Maimonides’ injunction draws on biblical verses that declare that a person must not limit himself to worrying about his own health but should also be concerned about the health of his fellow. For example, as in Leviticus 19:16, “Do not do anything that endangers your neighbor’s life,” and Leviticus 19:18, “Love your neighbor as yourself.” These biblical injunctions are rules and specific instructions as to how to act in particular situations. Thus, in Hilchot Mourning, Chap. 14, Halacha 1, he wrote: “You shall love your neighbor as yourself” (Leviticus 19:18); that is, whatever you would have others do to you, do to your brothers. In other words, love for another is expressed by a series of deeds that in fact every person would wish would be done for him, and he is required to do them himself.

Some halachic arbiters understood that the biblical prohibitions also had medical and social significance. For example, the ruling of Rabbi Judah ben Samuel of Regensburg (1150–1217), also known as Rabbi Yehuda HaHasid, Rabbi Yehuda HeHasid, or ‘Judah the Pious’ in Hebrew, who was a leader of the Chassidei Ashkenaz, a movement of Jewish mysticism in Germany, is especially relevant.Footnote 4 Among other adjudicators, Rabbi Yehuda HeHasid wrote that the biblical commands to love one’s neighbor and not to place stumbling blocks before him are valid when a person is sick and might infect others:

Do not… put a stumbling block in front of the blind” (Leviticus 19:14), that a person with a contagious skin disease should not bathe with another Jew unless he informed him first, as it is written (op. cit. 18) “Love your neighbor as yourself” (op. cit. 19) and “Do not do anything that endangers your neighbor’s life (op. cit. 16) (Sefer Chasidim (Margoliot), Sect. 773).

That is to say, a sick person is obliged to warn those around him against the possibility that he might transmit the infection, an obligation that derives directly from biblical commandments. Moreover, Rabbi Yehuda HeHasid’s words are completely in line with the halachic rulings of the Baalei Tosafot, the twelfth- to fifteenth-century French and German rabbis who wrote critical and explanatory glosses (questions, notes, interpretations, rulings, and sources) on the Talmud, collectively called Tosafot (additions). The Tosafot are important for the practical application of Jewish law because that law depends on how the Talmud is understood and interpreted.
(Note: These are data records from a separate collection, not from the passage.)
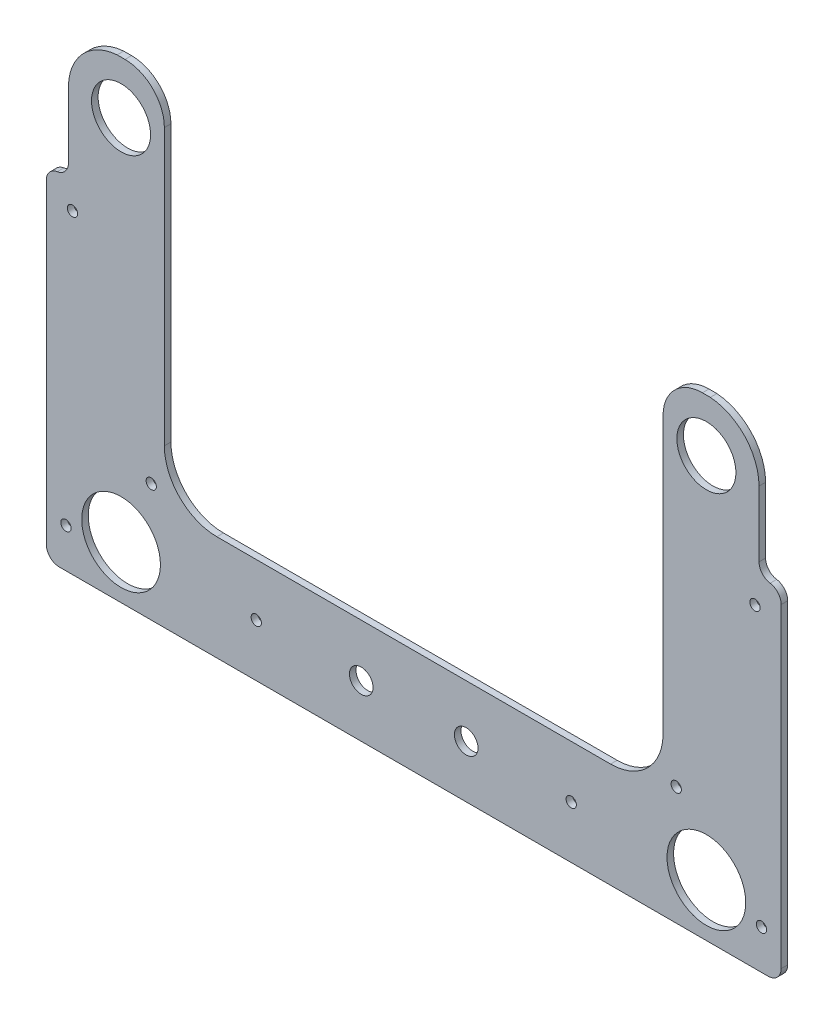
SolidWorks part; units mm, degrees
material "6061 Alloy"
ref_plane "Front Plane" through (0, 0, 0) normal (0, 0, 1) x (1, 0, 0)
ref_plane "Top Plane" through (0, 0, 0) normal (0, 1, 0) x (1, 0, 0)
ref_plane "Right Plane" through (0, 0, 0) normal (1, 0, 0) x (0, 0, -1)
sketch "Sketch1" plane through (0, 0, 0) normal (0, 0, 1) x (1, 0, 0)
  line L5 (120.65, -152.4) -> (120.65, -6.35)
  line L6 (127, 0) -> (171.45, 0) construction
  line L7 (177.8, -6.35) -> (177.8, -222.25)
  line L10 (0, -206.2199) -> (0, -63.6275) construction
  line L11 (-54.9244, 0) -> (300.6756, 0) construction
  line L13 (12.7, -177.8) -> (95.25, -177.8)
  line L14 (12.7, -228.6) -> (171.45, -228.6)
  line L15 (141.605, -25.4) -> (141.605, -84.2822) construction
  line L16 (141.605, -25.4) -> (141.605, -127) construction
  line L19 (-141.605, -19.05) -> (-141.605, -77.9322) construction
  line L20 (141.605, -25.4) -> (141.605, -203.2) construction
  line L22 (-120.65, -152.4) -> (-120.65, -6.35)
  line L23 (-12.7, -177.8) -> (-95.25, -177.8)
  line L24 (-12.7, -228.6) -> (-171.45, -228.6)
  line L25 (-177.8, -6.35) -> (-177.8, -222.25)
  line L26 (-12.7, -177.8) -> (12.7, -177.8)
  line L27 (-12.7, -228.6) -> (12.7, -228.6)
  line L28 (-177.8, -6.35) -> (-177.8, 6.35)
  line L29 (-165.1, 19.05) -> (-133.35, 19.05)
  line L30 (-120.65, 6.35) -> (-120.65, -6.35)
  line L31 (120.65, 6.35) -> (120.65, -6.35)
  line L32 (177.8, -6.35) -> (177.8, 6.35)
  line L33 (165.1, 19.05) -> (133.35, 19.05)
  arc A0 (95.25, -177.8) -> (120.65, -152.4) centre (95.25, -152.4) ccw
  arc A4 (120.65, -6.35) -> (127, 0) centre (127, -6.35) cw construction
  circle A8 centre (141.605, -25.4) radius 14.2875
  circle A9 centre (141.605, -25.4) radius 38.1 construction
  arc A10 (177.8, -6.35) -> (171.45, 0) centre (171.45, -6.35) ccw construction
  arc A11 (171.45, -228.6) -> (177.8, -222.25) centre (171.45, -222.25) ccw
  arc A14 (141.605, -82.55) -> (120.9214, -78.6758) centre (141.605, -25.4) ccw construction
  arc A15 (-141.605, -82.55) -> (-120.9214, -78.6758) centre (-141.605, -25.4) cw construction
  circle A16 centre (-141.605, -25.4) radius 38.1 construction
  circle A17 centre (-141.605, -25.4) radius 14.2875
  arc A19 (-95.25, -177.8) -> (-120.65, -152.4) centre (-95.25, -152.4) cw
  circle A20 centre (141.605, -127) radius 38.1 construction
  circle A21 centre (-141.605, -127) radius 38.1 construction
  arc A23 (-171.45, -228.6) -> (-177.8, -222.25) centre (-171.45, -222.25) cw
  circle A24 centre (-141.605, -203.2) radius 19.05
  circle A37 centre (141.605, -203.2) radius 19.05
  circle A39 centre (-76.2, -203.2) radius 2.4892
  circle A40 centre (76.2, -203.2) radius 2.4892
  circle A42 centre (-25.4, -203.2) radius 5.715
  arc A44 (-133.35, 19.05) -> (-120.65, 6.35) centre (-133.35, 6.35) cw
  arc A45 (-177.8, 6.35) -> (-165.1, 19.05) centre (-165.1, 6.35) cw
  arc A46 (133.35, 19.05) -> (120.65, 6.35) centre (133.35, 6.35) ccw
  arc A47 (177.8, 6.35) -> (165.1, 19.05) centre (165.1, 6.35) ccw
  circle A50 centre (-149.225, 6.35) radius 2.4892
  circle A53 centre (149.225, 6.35) radius 2.4892
  circle A54 centre (-168.275, -209.55) radius 2.4892
  circle A56 centre (168.275, -209.55) radius 2.4892
  circle A58 centre (-165.1, -76.2) radius 2.4892
  circle A59 centre (165.1, -76.2) radius 2.4892
  circle A60 centre (-127, -171.45) radius 2.4892
  circle A61 centre (127, -171.45) radius 2.4892
  circle A62 centre (25.4, -203.2) radius 5.715
  point P2 (177.8, -44.45)
  point P18 (177.8, 0)
  point P23 (177.8, -228.6)
  point P24 (177.8, -228.6)
  point P31 (177.8, 0)
  point P48 (-177.8, 0)
  point P49 (-177.8, -228.6)
  point P51 (-177.8, -44.45)
  point P78 (-141.605, -203.2)
  dimension "D6" = 25.4
  dimension "D7" = 6.35
  dimension "D8" = 6.35
  dimension "D9" = 177.8
  dimension "D10" = 28.575
  dimension "D12" = 76.2
  dimension "D13" = 57.15
  dimension "D15" = 38.1
  dimension "D18" = 76.2
  dimension "D21" = 4.9784
  dimension "D29" = 9.525
  dimension "D32" = 4.9784
  dimension "D35" = 11.43
  dimension "D40" = 12.7
  dimension "D43" = 4.9784
  dimension "D45" = 12.7
  dimension "D30" = 4.9784
  dimension "D41" = 4.9784
  dimension "D22" = 6.35
  dimension "D2" = 120.65
  dimension "D3" = 177.8
  dimension "D4" = 228.6
  dimension "D5" = 177.8
  dimension "D11" = 20.955
  dimension "`" = 25.4
  dimension "D14" = 57.15
  dimension "D16" = 184.15
  dimension "D17" = 101.6
  dimension "D19" = 25.4
  dimension "D20" = 101.6
  dimension "D23" = 57.15
  dimension "D25" = 25.4
  dimension "D26" = 19.05
  dimension "D27" = 25.4
  dimension "D28" = 25.4
  dimension "D31" = 25.4
  dimension "D33" = 12.7
  dimension "D34" = 25.4
  dimension "D39" = 19.05
  dimension "D44" = 28.575
  dimension "D24" = 95.25
extrude "Boss-Extrude3" add sketch "Sketch1" along normal blind 3.175
sketch "Sketch2" plane through (0, 0, 3.175) normal (0, 0, 1) x (1, 0, 0)
  line L0 (177.8, -222.25) -> (177.8, 6.35) construction
  line L1 (-177.8, 19.05) -> (177.8, 19.05)
  line L2 (-177.8, 19.05) -> (-177.8, 0)
  line L3 (-177.8, 0) -> (177.8, 0)
  line L4 (177.8, 19.05) -> (177.8, 0)
  line L5 (-177.8, 6.35) -> (-177.8, -222.25) construction
  line L7 (-133.35, 19.05) -> (-165.1, 19.05) construction
  dimension "D1" = 19.05
extrude "Cut-Extrude1" cut sketch "Sketch2" against normal through all
fillet "Fillet1" radius 19.05 4 edges at (177.8, 0, 1.5875) (120.65, 0, 1.5875) (-120.65, 0, 1.5875) (-177.8, 0, 1.5875)
sketch "Sketch3" plane through (0, 0, 3.175) normal (0, 0, 1) x (1, 0, 0)
  line L0 (-167.0763, -25.4) -> (-167.0763, -57.15)
  line L1 (-173.4263, -63.5) -> (-177.8, -63.5)
  line L2 (-177.8, -19.05) -> (-177.8, -222.25) construction
  line L3 (-158.75, 0) -> (-139.7, 0) construction
  line L4 (-177.8, -63.5) -> (-177.8, 0)
  line L5 (-177.8, 0) -> (-139.7, 0)
  arc A3 (-139.7, 0) -> (-167.0763, -25.4) centre (-141.605, -25.4) ccw
  arc A4 (-167.0763, -57.15) -> (-173.4263, -63.5) centre (-173.4263, -57.15) cw
  arc M14 (-158.75, 0) -> (-177.8, -19.05) centre (-158.75, -19.05) ccw
  line M15 (-177.8, -19.05) -> (-177.8, -222.25)
  dimension "D1" = 63.5
  dimension "D2" = 6.35
extrude "Cut-Extrude2" cut sketch "Sketch3" against normal through all contours A4 L0 A3 L5 L1 M14 M15 | L5 L4 M14 region at (-170.306, -29.421, 3.175) region at (-173.5448, -4.2552, 3.175)
ref_plane "Plane1" through (0, 0, 0) normal (-1, 0, 0) x (0, 0, 1)
mirror "Mirror1" about plane through (0, 0, 0) normal (-1, 0, 0) of "Cut-Extrude2"
fillet "Fillet2" radius 6.35 2 edges at (177.8, -63.5, 1.5875) (-177.8, -63.5, 1.5875)

In one of their commentaries on the Babylonian Talmud, the Tosafists wrote: “A person must make greater effort not to harm someone else than not to be harmed himself” (Treatise Bava Kama 23A). It is important to understand that this interpretation from medieval times is based on an understanding formulated over the years among halachic arbiters about the obligation to preserve health in general, to guard personally against illness, and to be extremely careful during an epidemic.

The Religious Duty to Maintain One’s Own Health

In Treatise Terumot Chap. 8, Halacha 3, the Jerusalem Talmud ruled that it was prohibited to put a coin in one’s mouth. Rabbi Nissim Gerondi (1315–1376), one of the great Talmudic commentators, had a scientific, philosophical, and medical education. In his commentary on the Talmud (Babylonian Talmud Treatise Avoda Zara 10B), he explained that the Talmudic prohibition was rendered “because everyone touches them and they bear sickness and dirt sticks to them.” In his Shulchan Aruch (Yoreh Deah Sect. 116 subsection 5), Rabbi Joseph Karo (1488–1575), one of the greatest of the halachic arbiters, ruled this as halacha, noting: “One must refrain from putting coins in one’s mouth, lest they are covered with dried saliva of those afflicted with boils.”

Further, Rabbi Moshe Isserles (1530–1572), an eminent Polish Ashkenazi rabbi, Talmudist, and adjudicator, expanded the halachic ruling, noting:

Similarly, he should be careful of all things that cause danger, because danger is stricter than transgressions, and one should be more careful with an uncertain danger than with an uncertain religious prohibition…. And all of these things are because of the danger, and a person who guards his soul will distance himself from them and it is prohibited to rely on a miracle in all of these matters.

That is to say, every person has a responsibility to identify a danger and to be much more concerned about the threat than about transgressing a religious prohibition. Moreover, a man must be concerned even in a situation in which he is not certain he himself will be harmed; further, it is forbidden to count on a miracle to justify endangering oneself.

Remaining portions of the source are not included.